On Tue, May 19, 2026 at 3:21 PM Manivannan Sadhasivam <mani at kernel.org> wrote:
>
> On Mon, May 18, 2026 at 05:02:11PM +0800, Chen-Yu Tsai wrote:
> > On Fri, May 15, 2026 at 8:34 PM Manivannan Sadhasivam <mani at kernel.org> wrote:
> > >
> > > On Fri, May 15, 2026 at 05:16:19PM +0800, Chen-Yu Tsai wrote:
> > > > On Thu, May 14, 2026 at 7:48 PM Manivannan Sadhasivam <mani at kernel.org> wrote:
> > > > >
> > > > > On Thu, May 14, 2026 at 03:54:29PM +0800, Chen-Yu Tsai wrote:
> > > > > > On Thu, May 14, 2026 at 1:23 PM Manivannan Sadhasivam <mani at kernel.org> wrote:
> > > > > > >
> > > > > > > On Fri, May 08, 2026 at 02:36:32PM +0800, Chen-Yu Tsai wrote:
> > > > > > > > On some SoCs without an IOMMU behind the PCIe controller, the PCIe
> > > > > > > > controller memory access could be limited to a small region by the
> > > > > > > > firmware configuring a memory protection unit.
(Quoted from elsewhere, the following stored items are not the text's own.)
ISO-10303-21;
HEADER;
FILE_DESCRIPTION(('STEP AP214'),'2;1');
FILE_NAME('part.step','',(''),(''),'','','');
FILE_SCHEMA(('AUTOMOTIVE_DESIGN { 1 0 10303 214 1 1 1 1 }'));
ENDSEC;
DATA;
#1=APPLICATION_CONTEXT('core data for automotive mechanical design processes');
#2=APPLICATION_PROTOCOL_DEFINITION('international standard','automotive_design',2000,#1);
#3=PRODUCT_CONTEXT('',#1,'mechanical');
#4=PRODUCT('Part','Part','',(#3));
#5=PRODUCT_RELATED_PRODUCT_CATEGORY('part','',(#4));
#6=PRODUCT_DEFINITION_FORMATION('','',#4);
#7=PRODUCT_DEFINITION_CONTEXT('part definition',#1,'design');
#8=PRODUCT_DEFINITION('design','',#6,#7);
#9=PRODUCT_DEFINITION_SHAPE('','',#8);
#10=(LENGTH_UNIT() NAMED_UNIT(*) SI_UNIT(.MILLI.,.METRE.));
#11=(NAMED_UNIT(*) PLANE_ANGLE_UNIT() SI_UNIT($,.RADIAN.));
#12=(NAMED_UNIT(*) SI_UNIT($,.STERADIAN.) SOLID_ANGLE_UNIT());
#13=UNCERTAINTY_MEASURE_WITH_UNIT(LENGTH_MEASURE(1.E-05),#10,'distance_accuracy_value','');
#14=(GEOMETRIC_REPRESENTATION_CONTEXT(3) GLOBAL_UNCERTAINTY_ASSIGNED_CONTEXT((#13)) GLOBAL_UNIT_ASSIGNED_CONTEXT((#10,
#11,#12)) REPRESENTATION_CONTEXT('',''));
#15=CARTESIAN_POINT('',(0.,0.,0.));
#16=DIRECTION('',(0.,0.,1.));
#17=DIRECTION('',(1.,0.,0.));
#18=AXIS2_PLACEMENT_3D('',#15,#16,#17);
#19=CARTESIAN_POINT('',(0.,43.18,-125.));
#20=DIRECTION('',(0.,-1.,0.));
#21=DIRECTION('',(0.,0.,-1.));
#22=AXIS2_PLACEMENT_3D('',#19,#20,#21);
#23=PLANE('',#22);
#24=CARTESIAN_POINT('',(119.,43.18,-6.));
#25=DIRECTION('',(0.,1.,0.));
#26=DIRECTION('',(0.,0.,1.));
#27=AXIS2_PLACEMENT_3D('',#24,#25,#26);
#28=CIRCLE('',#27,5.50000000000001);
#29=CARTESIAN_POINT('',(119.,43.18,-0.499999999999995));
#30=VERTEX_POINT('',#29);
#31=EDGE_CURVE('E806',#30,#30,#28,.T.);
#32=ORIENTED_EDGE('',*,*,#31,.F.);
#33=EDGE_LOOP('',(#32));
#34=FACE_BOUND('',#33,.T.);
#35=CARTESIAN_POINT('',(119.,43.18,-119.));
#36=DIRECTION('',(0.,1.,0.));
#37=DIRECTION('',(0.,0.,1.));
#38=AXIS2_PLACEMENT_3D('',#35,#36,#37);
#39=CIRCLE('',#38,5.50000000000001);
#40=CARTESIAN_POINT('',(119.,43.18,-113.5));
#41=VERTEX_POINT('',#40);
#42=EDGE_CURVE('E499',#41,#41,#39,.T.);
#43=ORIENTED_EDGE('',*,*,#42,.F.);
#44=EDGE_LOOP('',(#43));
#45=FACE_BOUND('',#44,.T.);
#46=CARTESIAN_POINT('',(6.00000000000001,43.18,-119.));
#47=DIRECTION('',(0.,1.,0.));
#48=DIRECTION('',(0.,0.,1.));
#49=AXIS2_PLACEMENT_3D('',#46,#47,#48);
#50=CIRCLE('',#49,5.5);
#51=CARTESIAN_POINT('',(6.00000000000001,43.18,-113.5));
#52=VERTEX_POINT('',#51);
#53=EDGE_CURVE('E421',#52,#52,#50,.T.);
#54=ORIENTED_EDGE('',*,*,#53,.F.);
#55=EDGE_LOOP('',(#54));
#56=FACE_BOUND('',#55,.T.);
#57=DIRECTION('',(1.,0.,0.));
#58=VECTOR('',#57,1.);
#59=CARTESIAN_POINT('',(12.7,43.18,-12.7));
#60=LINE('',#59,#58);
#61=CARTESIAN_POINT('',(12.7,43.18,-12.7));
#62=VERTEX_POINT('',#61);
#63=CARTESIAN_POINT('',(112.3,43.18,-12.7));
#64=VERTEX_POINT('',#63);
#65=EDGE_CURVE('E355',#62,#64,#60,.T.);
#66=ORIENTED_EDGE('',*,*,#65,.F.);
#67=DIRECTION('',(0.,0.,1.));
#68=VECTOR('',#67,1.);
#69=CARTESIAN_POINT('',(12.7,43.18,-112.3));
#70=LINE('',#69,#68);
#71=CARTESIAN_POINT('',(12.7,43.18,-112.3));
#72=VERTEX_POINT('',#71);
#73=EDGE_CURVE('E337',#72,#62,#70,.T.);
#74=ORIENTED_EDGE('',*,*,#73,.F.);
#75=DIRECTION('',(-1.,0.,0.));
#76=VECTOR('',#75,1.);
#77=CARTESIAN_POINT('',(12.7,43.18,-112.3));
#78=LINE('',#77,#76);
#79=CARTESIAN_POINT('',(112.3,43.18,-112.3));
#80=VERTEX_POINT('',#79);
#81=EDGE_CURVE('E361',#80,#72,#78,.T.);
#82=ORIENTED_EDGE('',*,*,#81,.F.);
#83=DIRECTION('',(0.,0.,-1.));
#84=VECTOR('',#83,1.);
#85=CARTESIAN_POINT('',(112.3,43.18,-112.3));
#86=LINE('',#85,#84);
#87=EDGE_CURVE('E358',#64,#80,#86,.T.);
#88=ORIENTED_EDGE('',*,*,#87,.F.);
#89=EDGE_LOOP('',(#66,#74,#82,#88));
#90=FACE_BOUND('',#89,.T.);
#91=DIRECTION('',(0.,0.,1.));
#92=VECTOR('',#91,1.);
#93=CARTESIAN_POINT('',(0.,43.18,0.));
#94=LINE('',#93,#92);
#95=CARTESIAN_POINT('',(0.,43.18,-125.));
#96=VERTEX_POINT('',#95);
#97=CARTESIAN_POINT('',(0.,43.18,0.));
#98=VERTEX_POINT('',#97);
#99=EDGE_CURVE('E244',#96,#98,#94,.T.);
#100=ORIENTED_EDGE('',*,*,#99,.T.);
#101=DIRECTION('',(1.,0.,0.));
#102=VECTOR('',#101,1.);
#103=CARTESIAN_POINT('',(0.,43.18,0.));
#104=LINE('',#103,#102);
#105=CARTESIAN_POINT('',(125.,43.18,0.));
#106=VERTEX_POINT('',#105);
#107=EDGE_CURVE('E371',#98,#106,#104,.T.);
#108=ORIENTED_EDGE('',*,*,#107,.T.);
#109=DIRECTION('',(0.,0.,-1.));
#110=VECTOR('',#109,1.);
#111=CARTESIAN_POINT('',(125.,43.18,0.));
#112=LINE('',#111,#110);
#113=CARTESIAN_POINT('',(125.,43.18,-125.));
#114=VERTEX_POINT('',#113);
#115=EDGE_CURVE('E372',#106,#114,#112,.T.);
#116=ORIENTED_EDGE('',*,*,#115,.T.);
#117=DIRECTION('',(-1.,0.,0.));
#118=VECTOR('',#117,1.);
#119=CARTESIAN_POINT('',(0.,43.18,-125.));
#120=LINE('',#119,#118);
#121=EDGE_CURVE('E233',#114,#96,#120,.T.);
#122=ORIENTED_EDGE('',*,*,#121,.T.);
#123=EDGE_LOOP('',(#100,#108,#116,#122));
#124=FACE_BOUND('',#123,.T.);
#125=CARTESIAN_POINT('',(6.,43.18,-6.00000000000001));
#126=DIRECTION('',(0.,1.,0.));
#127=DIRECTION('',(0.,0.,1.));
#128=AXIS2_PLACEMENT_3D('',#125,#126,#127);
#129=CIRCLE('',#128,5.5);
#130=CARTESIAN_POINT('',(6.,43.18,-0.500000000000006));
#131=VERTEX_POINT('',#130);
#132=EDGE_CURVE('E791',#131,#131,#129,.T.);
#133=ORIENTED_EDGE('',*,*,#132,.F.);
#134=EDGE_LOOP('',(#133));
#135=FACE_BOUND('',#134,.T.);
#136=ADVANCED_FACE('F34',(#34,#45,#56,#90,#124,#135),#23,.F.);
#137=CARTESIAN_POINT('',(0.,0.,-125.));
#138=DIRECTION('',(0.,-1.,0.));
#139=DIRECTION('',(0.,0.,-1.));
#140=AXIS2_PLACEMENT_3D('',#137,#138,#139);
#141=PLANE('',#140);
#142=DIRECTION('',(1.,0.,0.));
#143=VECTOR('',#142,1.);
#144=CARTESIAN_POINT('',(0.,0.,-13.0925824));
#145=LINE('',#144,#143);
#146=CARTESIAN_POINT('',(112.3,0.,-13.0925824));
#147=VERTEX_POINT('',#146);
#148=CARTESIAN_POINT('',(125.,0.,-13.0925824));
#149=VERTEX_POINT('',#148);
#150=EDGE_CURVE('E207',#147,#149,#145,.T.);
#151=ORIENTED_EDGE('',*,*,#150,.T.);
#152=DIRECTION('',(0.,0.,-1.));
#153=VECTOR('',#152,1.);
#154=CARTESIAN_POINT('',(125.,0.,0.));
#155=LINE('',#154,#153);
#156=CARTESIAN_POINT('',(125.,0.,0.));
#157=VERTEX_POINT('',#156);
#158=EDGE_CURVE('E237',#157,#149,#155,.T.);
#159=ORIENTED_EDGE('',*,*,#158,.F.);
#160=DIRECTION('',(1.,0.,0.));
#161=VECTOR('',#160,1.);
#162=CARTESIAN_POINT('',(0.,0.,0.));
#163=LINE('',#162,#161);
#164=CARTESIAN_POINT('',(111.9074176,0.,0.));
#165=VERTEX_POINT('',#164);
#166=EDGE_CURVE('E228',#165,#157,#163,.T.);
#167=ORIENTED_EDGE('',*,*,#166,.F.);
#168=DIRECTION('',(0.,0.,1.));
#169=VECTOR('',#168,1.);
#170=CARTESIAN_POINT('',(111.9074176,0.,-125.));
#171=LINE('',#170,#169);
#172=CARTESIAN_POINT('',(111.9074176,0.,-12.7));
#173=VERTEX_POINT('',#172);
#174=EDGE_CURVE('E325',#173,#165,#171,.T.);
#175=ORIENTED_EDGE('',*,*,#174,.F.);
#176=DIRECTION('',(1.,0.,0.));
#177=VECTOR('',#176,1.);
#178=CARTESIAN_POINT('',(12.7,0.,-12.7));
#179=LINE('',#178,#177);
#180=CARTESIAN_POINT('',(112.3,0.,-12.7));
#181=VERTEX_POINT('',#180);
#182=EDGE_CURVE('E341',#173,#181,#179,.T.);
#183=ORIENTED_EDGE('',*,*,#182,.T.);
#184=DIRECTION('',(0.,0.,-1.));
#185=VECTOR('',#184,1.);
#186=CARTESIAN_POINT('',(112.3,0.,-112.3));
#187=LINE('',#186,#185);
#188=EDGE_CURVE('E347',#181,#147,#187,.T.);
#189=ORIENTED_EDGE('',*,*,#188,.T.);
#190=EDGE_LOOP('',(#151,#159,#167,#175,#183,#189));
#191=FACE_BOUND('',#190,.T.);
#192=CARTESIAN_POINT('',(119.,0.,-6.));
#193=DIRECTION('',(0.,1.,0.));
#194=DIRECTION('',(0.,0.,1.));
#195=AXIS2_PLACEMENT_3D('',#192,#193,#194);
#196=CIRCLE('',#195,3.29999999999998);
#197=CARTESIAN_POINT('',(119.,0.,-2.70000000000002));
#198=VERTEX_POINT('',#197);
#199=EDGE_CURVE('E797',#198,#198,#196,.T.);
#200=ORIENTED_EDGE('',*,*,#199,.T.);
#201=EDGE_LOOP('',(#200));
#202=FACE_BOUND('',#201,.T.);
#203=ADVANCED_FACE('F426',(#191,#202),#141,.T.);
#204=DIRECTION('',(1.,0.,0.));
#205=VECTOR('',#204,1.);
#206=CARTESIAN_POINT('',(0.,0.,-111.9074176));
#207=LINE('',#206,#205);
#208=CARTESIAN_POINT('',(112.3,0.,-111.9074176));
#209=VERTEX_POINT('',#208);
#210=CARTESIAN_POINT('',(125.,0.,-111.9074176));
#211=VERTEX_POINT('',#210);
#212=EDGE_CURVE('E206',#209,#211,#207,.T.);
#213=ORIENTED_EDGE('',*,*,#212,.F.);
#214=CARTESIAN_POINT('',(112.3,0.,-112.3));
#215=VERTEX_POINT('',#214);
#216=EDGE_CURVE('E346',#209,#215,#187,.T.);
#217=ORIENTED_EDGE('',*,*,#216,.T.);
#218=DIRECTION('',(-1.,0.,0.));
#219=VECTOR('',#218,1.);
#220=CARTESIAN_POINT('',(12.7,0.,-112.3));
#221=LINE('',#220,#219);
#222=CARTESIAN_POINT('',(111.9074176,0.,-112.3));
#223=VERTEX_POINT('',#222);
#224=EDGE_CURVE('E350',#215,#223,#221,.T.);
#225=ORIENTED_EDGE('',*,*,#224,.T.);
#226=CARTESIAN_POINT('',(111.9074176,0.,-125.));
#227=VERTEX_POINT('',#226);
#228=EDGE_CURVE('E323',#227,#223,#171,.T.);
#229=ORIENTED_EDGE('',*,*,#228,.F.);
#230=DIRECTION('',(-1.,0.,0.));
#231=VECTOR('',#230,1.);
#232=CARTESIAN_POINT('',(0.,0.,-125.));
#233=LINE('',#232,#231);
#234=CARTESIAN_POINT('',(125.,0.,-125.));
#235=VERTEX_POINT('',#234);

This memory region
> > > > > > > > must be assigned to the PCIe controller so that the OS knows to
> > > > > > > > use that region. Otherwise PCIe devices would not work properly.
> > > > > > > >
> > > > > > >
> > > > > > > So this means, the PCIe devices can only access a specific carveout memory
> > > > > > > configured by MPU for DMA? If so, you should use 'dma-ranges' as suggested by
> > > > > > > Rob.
> > > > > > >
> > > > > > > 'memory-region' also serves the purpose, but for PCI, we have the dedicated
> > > > > > > 'dma-ranges' property.
> > > > > >
> > > > > > I think I need some sort of guide on writing the 'dma-ranges' property,
> > > > > > because it is not working for me.
> > > > > >
> > > > > > I'm adding
> > > > > >
> > > > > >     dma-ranges = <0x42000000 0 0x00000000 0 0xc0000000 0 0x4000000>;
> > > > > >
> > > > >
> > > > > So the device DMA address start from 0x0? Isn't it a 1:1 mapping?
> > > >
> > > > I actually don't know. But
> > > >
> > > > >         dma-ranges = <0x42000000 0 0xc0000000 0 0xc0000000 0 0x4000000>;
> > > >
> > > > this didn't work either.
> > >
> > >
> > > Hmm. Can you print the DMA address programmed to the device? i.e., the address
> > > returned by dma_map_single() in the driver.
> >
> > On a working system still using the restricted-dma-pool memory region,
> > it gives something like 0x00000000c0009000, so indeed it is 1:1 mapping?
>
> It has to be 1:1 mapping.
>
> > These are for the RX/TX descriptors [1][2].
> >
> > When using dma-ranges, the failure is from dma_alloc_coherent() [3][4],
> > which is the descriptor ring. On a working system, this is something
> > like 0x00000000c0c9d000, so again 1:1.
> >
> > [1] https://elixir.bootlin.com/linux/v7.0.8/source/drivers/net/wireless/realtek/rtw88/pci.c#L221
> > [2] https://elixir.bootlin.com/linux/v7.0.8/source/drivers/net/wireless/realtek/rtw88/pci.c#L829
> > [3] https://elixir.bootlin.com/linux/v7.0.8/source/drivers/net/wireless/realtek/rtw88/pci.c#L192
> > [4] https://elixir.bootlin.com/linux/v7.0.8/source/drivers/net/wireless/realtek/rtw88/pci.c#L265
> >
> > > Also, using prefetchable flag is not correct for DMA memory. You should use:
> > >
> > >         dma-ranges = <0x02000000 0 0xc0000000 0 0xc0000000 0 0x4000000>;
> >
> > This didn't work either. What exactly is supposed to handle dma-ranges?
> > I see some code parsing it in the PCI core, but it just saves it to a list.
> >
>
> I think the failure is due to marking the memory as 'reserved' in DT. With
> 'dma-ranges', the allocator will only ensure that the allocated memory stays
> within this limit. But the allocator itself will not use this property to
> allocate from the reserved region.

It didn't work with the reserved regions removed either, since CMA and
SWIOTLB take up the space by coincidence.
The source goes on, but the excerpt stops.